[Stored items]

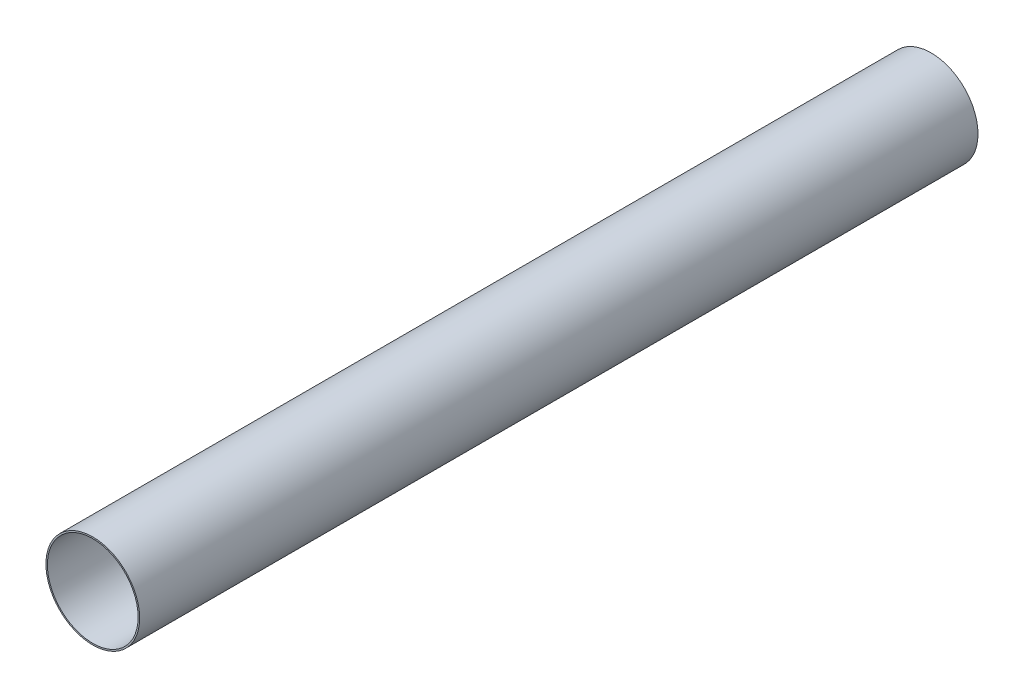
SolidWorks part; units mm, degrees
ref_plane "Front Plane" through (0, 0, 0) normal (0, 0, 1) x (1, 0, 0)
ref_plane "Top Plane" through (0, 0, 0) normal (0, 1, 0) x (1, 0, 0)
ref_plane "Right Plane" through (0, 0, 0) normal (1, 0, 0) x (0, 0, -1)
sketch "Sketch1" plane through (0, 0, 0) normal (0, 0, 1) x (1, 0, 0)
  circle A0 centre (0, 0) radius 38
  circle A1 centre (0, 0) radius 36.8
  dimension "D1" = 76
  dimension "D2" = 1.2
extrude "Boss-Extrude1" add sketch "Sketch1" along normal blind 680
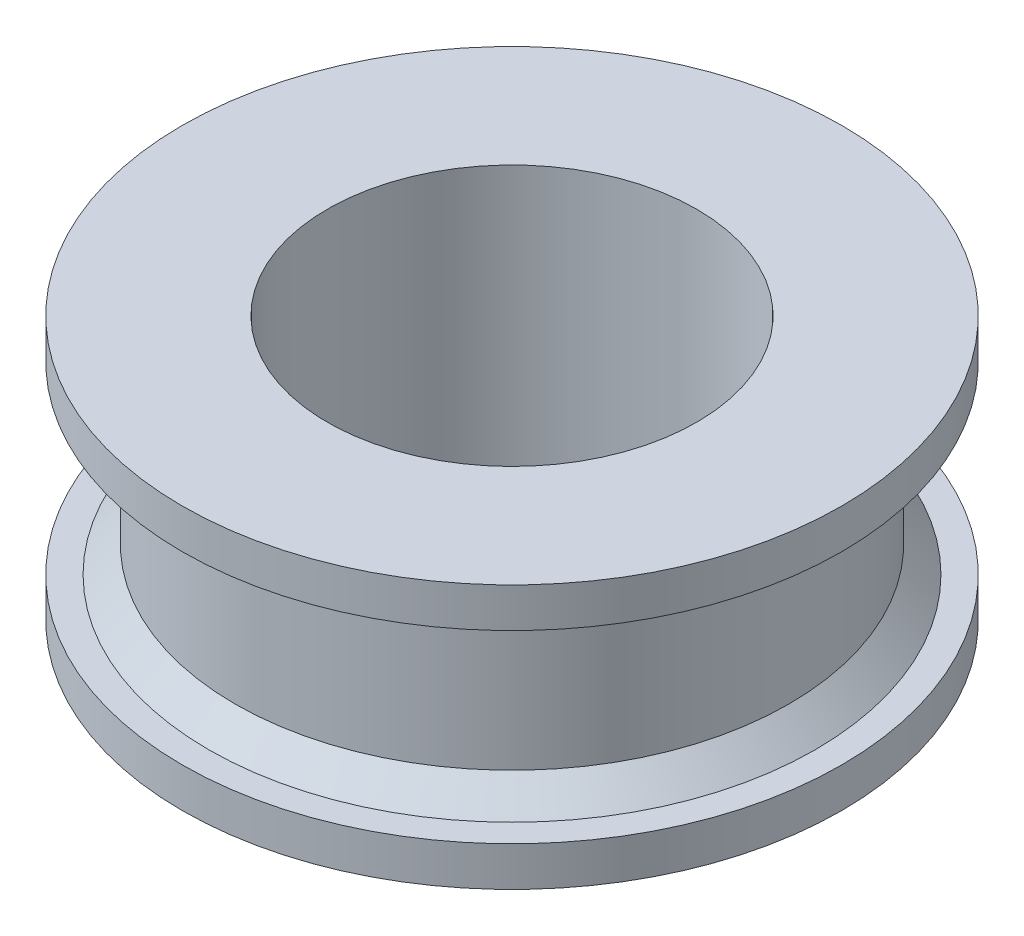
SolidWorks part; units mm, degrees
ref_plane "Front Plane" through (0, 0, 0) normal (0, 0, 1) x (1, 0, 0)
ref_plane "Top Plane" through (0, 0, 0) normal (0, 1, 0) x (1, 0, 0)
ref_plane "Right Plane" through (0, 0, 0) normal (1, 0, 0) x (0, 0, -1)
other "Default"
sketch "Sketch1" plane through (0, 0, 0) normal (0, 0, 1) x (1, 0, 0)
  line L0 (0, -14.8448) -> (0, 19.9138) construction
  line L1 (7, -5) -> (7, 5)
  line L2 (7, 5) -> (12.5, 5)
  line L3 (12.5, 5) -> (12.5, 3.5)
  line L4 (12.5, 3.5) -> (11.5, 3.5)
  line L5 (11.5, 3.5) -> (10.5, 2.5)
  line L6 (10.5, 2.5) -> (10.5, -2.5)
  line L7 (10.5, -2.5) -> (11.5, -3.5)
  line L8 (11.5, -3.5) -> (12.5, -3.5)
  line L9 (12.5, -3.5) -> (12.5, -5)
  line L10 (12.5, -5) -> (7, -5)
  point P8 (7, 0)
  point P14 (10.5, 0)
  dimension "ID" = 14
  dimension "InnerGrooveWidth" = 5
  dimension "OuterGrooveWidth" = 7
  dimension "OD" = 25
  dimension "Height" = 10
  dimension "GrooveDepth" = 2
revolve "Revolve1" add sketch "Sketch1" angle 360 about L0
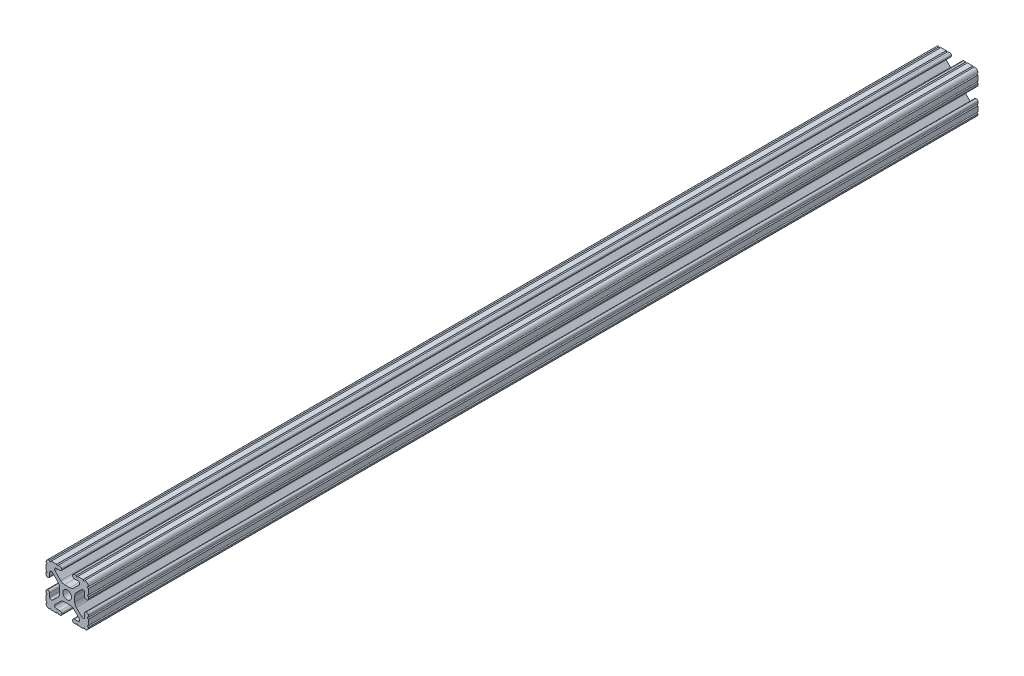
SolidWorks part; units mm, degrees
ref_plane "Front Plane" through (0, 0, 0) normal (0, 0, 1) x (1, 0, 0)
ref_plane "Top Plane" through (0, 0, 0) normal (0, 1, 0) x (1, 0, 0)
ref_plane "Right Plane" through (0, 0, 0) normal (1, 0, 0) x (0, 0, -1)
sketch "Sketch1" plane through (0, 0, 0) normal (0, 0, 1) x (1, 0, 0)
  line L88 (-7.1797, -8.6452) -> (-3.9523, -5.4237)
  line L89 (-1.7093, -4.4958) -> (1.7093, -4.4958)
  line L90 (3.9523, -5.4237) -> (7.1797, -8.6452)
  line L91 (6.4164, -10.4902) -> (4.2875, -10.4902)
  line L92 (3.2385, -11.5392) -> (3.2385, -11.651)
  line L93 (4.2875, -12.7) -> (5.3171, -12.7)
  line L94 (6.3331, -12.7) -> (9.5504, -12.7)
  line L95 (12.7, -9.5504) -> (12.7, -6.3331)
  line L96 (12.7, -5.3171) -> (12.7, -4.2875)
  line L97 (11.651, -3.2385) -> (11.5392, -3.2385)
  line L98 (10.4902, -4.2875) -> (10.4902, -6.4021)
  line L99 (8.7371, -7.1294) -> (5.441, -3.8408)
  line L100 (4.5085, -1.5932) -> (4.5085, 1.5932)
  line L101 (5.441, 3.8408) -> (8.7371, 7.1294)
  line L102 (10.4902, 6.4021) -> (10.4902, 4.2875)
  line L103 (11.5392, 3.2385) -> (11.651, 3.2385)
  line L104 (12.7, 4.2875) -> (12.7, 5.3171)
  line L105 (12.7, 6.3331) -> (12.7, 9.5504)
  line L106 (9.5504, 12.7) -> (6.3331, 12.7)
  line L107 (5.3171, 12.7) -> (4.2875, 12.7)
  line L108 (3.2385, 11.651) -> (3.2385, 11.5392)
  line L109 (4.2875, 10.4902) -> (6.4768, 10.4902)
  line L110 (7.207, 8.7244) -> (3.8983, 5.4232)
  line L111 (1.6558, 4.4958) -> (-1.6558, 4.4958)
  line L112 (-3.8983, 5.4232) -> (-7.207, 8.7244)
  line L113 (-6.4768, 10.4902) -> (-4.2875, 10.4902)
  line L114 (-3.2385, 11.5392) -> (-3.2385, 11.651)
  line L115 (-4.2875, 12.7) -> (-5.3171, 12.7)
  line L116 (-6.3331, 12.7) -> (-9.5504, 12.7)
  line L117 (-12.7, 9.5504) -> (-12.7, 6.3331)
  line L118 (-12.7, 5.3171) -> (-12.7, 4.2875)
  line L119 (-11.651, 3.2385) -> (-11.5392, 3.2385)
  line L120 (-10.4902, 4.2875) -> (-10.4902, 6.4021)
  line L121 (-8.7371, 7.1294) -> (-5.441, 3.8408)
  line L122 (-4.5085, 1.5932) -> (-4.5085, -1.5932)
  line L123 (-5.441, -3.8408) -> (-8.7371, -7.1294)
  line L124 (-10.4902, -6.4021) -> (-10.4902, -4.2875)
  line L125 (-11.5392, -3.2385) -> (-11.651, -3.2385)
  line L126 (-12.7, -4.2875) -> (-12.7, -5.3171)
  line L127 (-12.7, -6.3331) -> (-12.7, -9.5504)
  line L128 (-9.5504, -12.7) -> (-6.3331, -12.7)
  line L129 (-5.3171, -12.7) -> (-4.2875, -12.7)
  line L130 (-3.2385, -11.651) -> (-3.2385, -11.5392)
  line L131 (-4.2875, -10.4902) -> (-6.4164, -10.4902)
  circle A1 centre (0, 0) radius 2.6035
  arc A104 (-7.1797, -8.6452) -> (-6.4164, -10.4902) centre (-6.4164, -9.4098) ccw
  arc A105 (-1.7093, -4.4958) -> (-3.9523, -5.4237) centre (-1.7093, -7.6708) ccw
  arc A106 (3.9523, -5.4237) -> (1.7093, -4.4958) centre (1.7093, -7.6708) ccw
  arc A107 (6.4164, -10.4902) -> (7.1797, -8.6452) centre (6.4164, -9.4098) ccw
  arc A108 (4.2875, -10.4902) -> (3.2385, -11.5392) centre (4.2875, -11.5392) ccw
  arc A109 (3.2385, -11.651) -> (4.2875, -12.7) centre (4.2875, -11.651) ccw
  arc A110 (6.3331, -12.7) -> (5.3171, -12.7) centre (5.8251, -12.7) ccw
  arc A111 (10.5664, -12.6998) -> (9.5504, -12.7) centre (10.0584, -12.7) ccw
  arc A112 (10.5664, -12.6998) -> (12.6998, -10.5664) centre (10.5918, -10.5918) ccw
  arc A113 (12.7, -9.5504) -> (12.6998, -10.5664) centre (12.7, -10.0584) ccw
  arc A114 (12.7, -5.3171) -> (12.7, -6.3331) centre (12.7, -5.8251) ccw
  arc A115 (12.7, -4.2875) -> (11.651, -3.2385) centre (11.651, -4.2875) ccw
  arc A116 (11.5392, -3.2385) -> (10.4902, -4.2875) centre (11.5392, -4.2875) ccw
  arc A117 (8.7371, -7.1294) -> (10.4902, -6.4021) centre (9.4628, -6.4021) ccw
  arc A118 (4.5085, -1.5932) -> (5.441, -3.8408) centre (7.6835, -1.5932) ccw
  arc A119 (5.441, 3.8408) -> (4.5085, 1.5932) centre (7.6835, 1.5932) ccw
  arc A120 (10.4902, 6.4021) -> (8.7371, 7.1294) centre (9.4628, 6.4021) ccw
  arc A121 (10.4902, 4.2875) -> (11.5392, 3.2385) centre (11.5392, 4.2875) ccw
  arc A122 (11.651, 3.2385) -> (12.7, 4.2875) centre (11.651, 4.2875) ccw
  arc A123 (12.7, 6.3331) -> (12.7, 5.3171) centre (12.7, 5.8251) ccw
  arc A124 (12.6998, 10.5664) -> (12.7, 9.5504) centre (12.7, 10.0584) ccw
  arc A125 (12.6998, 10.5664) -> (10.5664, 12.6998) centre (10.5918, 10.5918) ccw
  arc A126 (9.5504, 12.7) -> (10.5664, 12.6998) centre (10.0584, 12.7) ccw
  arc A127 (5.3171, 12.7) -> (6.3331, 12.7) centre (5.8251, 12.7) ccw
  arc A128 (4.2875, 12.7) -> (3.2385, 11.651) centre (4.2875, 11.651) ccw
  arc A129 (3.2385, 11.5392) -> (4.2875, 10.4902) centre (4.2875, 11.5392) ccw
  arc A130 (7.207, 8.7244) -> (6.4768, 10.4902) centre (6.4768, 9.4563) ccw
  arc A131 (1.6558, 4.4958) -> (3.8983, 5.4232) centre (1.6558, 7.6708) ccw
  arc A132 (-3.8983, 5.4232) -> (-1.6558, 4.4958) centre (-1.6558, 7.6708) ccw
  arc A133 (-6.4768, 10.4902) -> (-7.207, 8.7244) centre (-6.4768, 9.4563) ccw
  arc A134 (-4.2875, 10.4902) -> (-3.2385, 11.5392) centre (-4.2875, 11.5392) ccw
  arc A135 (-3.2385, 11.651) -> (-4.2875, 12.7) centre (-4.2875, 11.651) ccw
  arc A136 (-6.3331, 12.7) -> (-5.3171, 12.7) centre (-5.8251, 12.7) ccw
  arc A137 (-10.5664, 12.6998) -> (-9.5504, 12.7) centre (-10.0584, 12.7) ccw
  arc A138 (-10.5664, 12.6998) -> (-12.6998, 10.5664) centre (-10.5918, 10.5918) ccw
  arc A139 (-12.7, 9.5504) -> (-12.6998, 10.5664) centre (-12.7, 10.0584) ccw
  arc A140 (-12.7, 5.3171) -> (-12.7, 6.3331) centre (-12.7, 5.8251) ccw
  arc A141 (-12.7, 4.2875) -> (-11.651, 3.2385) centre (-11.651, 4.2875) ccw
  arc A142 (-11.5392, 3.2385) -> (-10.4902, 4.2875) centre (-11.5392, 4.2875) ccw
  arc A143 (-8.7371, 7.1294) -> (-10.4902, 6.4021) centre (-9.4628, 6.4021) ccw
  arc A144 (-4.5085, 1.5932) -> (-5.441, 3.8408) centre (-7.6835, 1.5932) ccw
  arc A145 (-5.441, -3.8408) -> (-4.5085, -1.5932) centre (-7.6835, -1.5932) ccw
  arc A146 (-10.4902, -6.4021) -> (-8.7371, -7.1294) centre (-9.4628, -6.4021) ccw
  arc A147 (-10.4902, -4.2875) -> (-11.5392, -3.2385) centre (-11.5392, -4.2875) ccw
  arc A148 (-11.651, -3.2385) -> (-12.7, -4.2875) centre (-11.651, -4.2875) ccw
  arc A149 (-12.7, -6.3331) -> (-12.7, -5.3171) centre (-12.7, -5.8251) ccw
  arc A150 (-12.6998, -10.5664) -> (-12.7, -9.5504) centre (-12.7, -10.0584) ccw
  arc A151 (-12.6998, -10.5664) -> (-10.5664, -12.6998) centre (-10.5918, -10.5918) ccw
  arc A152 (-9.5504, -12.7) -> (-10.5664, -12.6998) centre (-10.0584, -12.7) ccw
  arc A153 (-5.3171, -12.7) -> (-6.3331, -12.7) centre (-5.8251, -12.7) ccw
  arc A154 (-4.2875, -12.7) -> (-3.2385, -11.651) centre (-4.2875, -11.651) ccw
  arc A155 (-3.2385, -11.5392) -> (-4.2875, -10.4902) centre (-4.2875, -11.5392) ccw
extrude "Boss-Extrude1" add sketch "Sketch1" along normal mid plane 533.4

## Problem requirements:
Starting at the line that has "arc A133 (-6.4768, 10.4902)" in the records above, restate word for word every line until the one that has "arc A136 (-6.3331, 12.7)", and include that one as well.

## Response to this task:
  arc A133 (-6.4768, 10.4902) -> (-7.207, 8.7244) centre (-6.4768, 9.4563) ccw
  arc A134 (-4.2875, 10.4902) -> (-3.2385, 11.5392) centre (-4.2875, 11.5392) ccw
  arc A135 (-3.2385, 11.651) -> (-4.2875, 12.7) centre (-4.2875, 11.651) ccw
  arc A136 (-6.3331, 12.7) -> (-5.3171, 12.7) centre (-5.8251, 12.7) ccw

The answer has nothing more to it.